• [EXERCISE DESCRIPTION]
Word for word, restate the lines from the start of the data down to the line with "# Sketch9 → Boss-Extrude7 (add)", both included.

• [MATERIAL FOR THIS TASK]
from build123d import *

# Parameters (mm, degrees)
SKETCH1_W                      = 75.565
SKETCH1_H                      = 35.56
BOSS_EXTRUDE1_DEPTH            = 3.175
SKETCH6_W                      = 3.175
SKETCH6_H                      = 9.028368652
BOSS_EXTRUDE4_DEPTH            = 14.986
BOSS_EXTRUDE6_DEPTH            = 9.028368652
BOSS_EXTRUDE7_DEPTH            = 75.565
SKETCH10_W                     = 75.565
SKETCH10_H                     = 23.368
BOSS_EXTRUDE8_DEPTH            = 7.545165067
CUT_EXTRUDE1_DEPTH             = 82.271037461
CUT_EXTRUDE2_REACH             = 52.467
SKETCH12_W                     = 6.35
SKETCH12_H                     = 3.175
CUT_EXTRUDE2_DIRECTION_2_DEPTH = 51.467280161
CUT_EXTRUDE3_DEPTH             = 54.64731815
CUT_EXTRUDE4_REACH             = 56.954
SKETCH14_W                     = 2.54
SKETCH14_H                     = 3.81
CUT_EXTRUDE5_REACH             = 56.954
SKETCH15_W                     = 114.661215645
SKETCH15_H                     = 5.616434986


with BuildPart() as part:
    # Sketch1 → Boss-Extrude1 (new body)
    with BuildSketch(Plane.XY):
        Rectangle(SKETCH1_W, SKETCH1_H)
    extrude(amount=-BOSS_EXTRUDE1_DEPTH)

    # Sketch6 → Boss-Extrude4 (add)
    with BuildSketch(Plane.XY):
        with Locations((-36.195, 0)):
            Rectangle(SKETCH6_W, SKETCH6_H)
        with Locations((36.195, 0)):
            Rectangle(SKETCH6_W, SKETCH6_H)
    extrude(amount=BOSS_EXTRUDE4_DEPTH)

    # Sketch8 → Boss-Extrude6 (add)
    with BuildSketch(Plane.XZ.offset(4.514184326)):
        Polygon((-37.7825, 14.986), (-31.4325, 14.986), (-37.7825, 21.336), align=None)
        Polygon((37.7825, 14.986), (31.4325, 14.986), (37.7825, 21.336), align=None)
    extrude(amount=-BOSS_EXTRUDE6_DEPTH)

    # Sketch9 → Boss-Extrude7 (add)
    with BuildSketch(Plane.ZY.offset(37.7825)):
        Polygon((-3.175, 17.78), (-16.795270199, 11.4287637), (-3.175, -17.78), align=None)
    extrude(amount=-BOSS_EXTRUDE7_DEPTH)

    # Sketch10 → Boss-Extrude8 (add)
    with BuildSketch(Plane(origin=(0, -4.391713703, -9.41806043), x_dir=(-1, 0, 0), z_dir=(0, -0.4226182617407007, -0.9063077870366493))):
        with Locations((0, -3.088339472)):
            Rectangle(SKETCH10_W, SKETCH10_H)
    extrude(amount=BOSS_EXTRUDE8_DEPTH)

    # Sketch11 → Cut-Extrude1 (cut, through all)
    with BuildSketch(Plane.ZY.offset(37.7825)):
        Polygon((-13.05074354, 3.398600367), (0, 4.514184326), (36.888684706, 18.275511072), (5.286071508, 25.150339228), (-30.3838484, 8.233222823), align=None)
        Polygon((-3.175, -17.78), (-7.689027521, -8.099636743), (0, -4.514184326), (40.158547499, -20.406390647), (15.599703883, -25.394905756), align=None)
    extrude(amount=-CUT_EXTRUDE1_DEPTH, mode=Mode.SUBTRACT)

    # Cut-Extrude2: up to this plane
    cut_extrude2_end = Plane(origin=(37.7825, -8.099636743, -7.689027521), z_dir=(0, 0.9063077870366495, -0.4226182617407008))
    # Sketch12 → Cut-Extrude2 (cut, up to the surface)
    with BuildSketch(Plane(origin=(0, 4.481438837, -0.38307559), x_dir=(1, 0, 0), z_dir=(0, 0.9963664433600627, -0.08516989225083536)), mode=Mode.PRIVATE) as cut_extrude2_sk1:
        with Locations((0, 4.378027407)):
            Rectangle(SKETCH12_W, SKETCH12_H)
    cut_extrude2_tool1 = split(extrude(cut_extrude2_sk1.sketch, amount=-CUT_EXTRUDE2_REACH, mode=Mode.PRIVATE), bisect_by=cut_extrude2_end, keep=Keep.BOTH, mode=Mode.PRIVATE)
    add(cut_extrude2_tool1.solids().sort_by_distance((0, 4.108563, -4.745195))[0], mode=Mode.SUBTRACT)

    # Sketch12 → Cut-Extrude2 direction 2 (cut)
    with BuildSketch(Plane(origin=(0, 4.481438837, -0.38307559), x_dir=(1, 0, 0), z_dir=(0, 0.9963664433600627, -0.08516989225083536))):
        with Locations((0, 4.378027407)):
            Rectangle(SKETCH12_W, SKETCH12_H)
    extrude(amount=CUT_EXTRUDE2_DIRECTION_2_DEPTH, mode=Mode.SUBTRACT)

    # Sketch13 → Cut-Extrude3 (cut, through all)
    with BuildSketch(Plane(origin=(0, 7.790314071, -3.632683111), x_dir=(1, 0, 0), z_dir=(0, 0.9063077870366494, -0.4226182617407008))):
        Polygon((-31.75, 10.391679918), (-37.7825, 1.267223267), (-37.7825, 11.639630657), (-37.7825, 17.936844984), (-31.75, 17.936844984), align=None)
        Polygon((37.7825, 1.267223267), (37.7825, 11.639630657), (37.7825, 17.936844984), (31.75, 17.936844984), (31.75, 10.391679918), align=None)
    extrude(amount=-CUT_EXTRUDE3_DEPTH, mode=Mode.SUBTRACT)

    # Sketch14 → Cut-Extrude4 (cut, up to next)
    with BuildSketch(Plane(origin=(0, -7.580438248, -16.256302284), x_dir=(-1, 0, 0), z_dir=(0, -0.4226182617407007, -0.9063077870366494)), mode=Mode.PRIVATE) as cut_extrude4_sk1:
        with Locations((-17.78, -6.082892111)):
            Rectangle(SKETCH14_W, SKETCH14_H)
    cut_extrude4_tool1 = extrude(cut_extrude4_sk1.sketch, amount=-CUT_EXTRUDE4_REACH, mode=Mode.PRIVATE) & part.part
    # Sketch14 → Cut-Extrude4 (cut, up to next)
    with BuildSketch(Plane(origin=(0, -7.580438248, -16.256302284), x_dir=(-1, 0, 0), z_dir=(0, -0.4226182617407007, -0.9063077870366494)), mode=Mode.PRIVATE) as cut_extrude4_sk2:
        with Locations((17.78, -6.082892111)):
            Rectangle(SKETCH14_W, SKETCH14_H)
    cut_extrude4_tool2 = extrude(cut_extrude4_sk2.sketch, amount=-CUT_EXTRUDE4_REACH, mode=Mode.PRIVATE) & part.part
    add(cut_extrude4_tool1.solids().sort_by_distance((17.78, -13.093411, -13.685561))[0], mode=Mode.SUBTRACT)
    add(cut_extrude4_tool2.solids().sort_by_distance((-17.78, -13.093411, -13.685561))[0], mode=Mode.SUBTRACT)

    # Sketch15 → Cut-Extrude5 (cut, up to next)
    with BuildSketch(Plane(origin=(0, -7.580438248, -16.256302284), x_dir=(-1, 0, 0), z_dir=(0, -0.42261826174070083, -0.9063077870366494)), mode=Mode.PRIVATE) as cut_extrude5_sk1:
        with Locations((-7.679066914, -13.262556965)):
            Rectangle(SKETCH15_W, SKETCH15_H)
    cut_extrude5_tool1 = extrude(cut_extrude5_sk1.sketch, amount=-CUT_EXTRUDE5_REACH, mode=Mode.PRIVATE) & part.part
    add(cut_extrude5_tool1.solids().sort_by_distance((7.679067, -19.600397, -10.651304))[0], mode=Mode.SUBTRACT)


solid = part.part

• [EXERCISE OUTPUT]
from build123d import *

# Parameters (mm, degrees)
SKETCH1_W                      = 75.565
SKETCH1_H                      = 35.56
BOSS_EXTRUDE1_DEPTH            = 3.175
SKETCH6_W                      = 3.175
SKETCH6_H                      = 9.028368652
BOSS_EXTRUDE4_DEPTH            = 14.986
BOSS_EXTRUDE6_DEPTH            = 9.028368652
BOSS_EXTRUDE7_DEPTH            = 75.565
SKETCH10_W                     = 75.565
SKETCH10_H                     = 23.368
BOSS_EXTRUDE8_DEPTH            = 7.545165067
CUT_EXTRUDE1_DEPTH             = 82.271037461
CUT_EXTRUDE2_REACH             = 52.467
SKETCH12_W                     = 6.35
SKETCH12_H                     = 3.175
CUT_EXTRUDE2_DIRECTION_2_DEPTH = 51.467280161
CUT_EXTRUDE3_DEPTH             = 54.64731815
CUT_EXTRUDE4_REACH             = 56.954
SKETCH14_W                     = 2.54
SKETCH14_H                     = 3.81
CUT_EXTRUDE5_REACH             = 56.954
SKETCH15_W                     = 114.661215645
SKETCH15_H                     = 5.616434986


with BuildPart() as part:
    # Sketch1 → Boss-Extrude1 (new body)
    with BuildSketch(Plane.XY):
        Rectangle(SKETCH1_W, SKETCH1_H)
    extrude(amount=-BOSS_EXTRUDE1_DEPTH)

    # Sketch6 → Boss-Extrude4 (add)
    with BuildSketch(Plane.XY):
        with Locations((-36.195, 0)):
            Rectangle(SKETCH6_W, SKETCH6_H)
        with Locations((36.195, 0)):
            Rectangle(SKETCH6_W, SKETCH6_H)
    extrude(amount=BOSS_EXTRUDE4_DEPTH)

    # Sketch8 → Boss-Extrude6 (add)
    with BuildSketch(Plane.XZ.offset(4.514184326)):
        Polygon((-37.7825, 14.986), (-31.4325, 14.986), (-37.7825, 21.336), align=None)
        Polygon((37.7825, 14.986), (31.4325, 14.986), (37.7825, 21.336), align=None)
    extrude(amount=-BOSS_EXTRUDE6_DEPTH)

    # Sketch9 → Boss-Extrude7 (add)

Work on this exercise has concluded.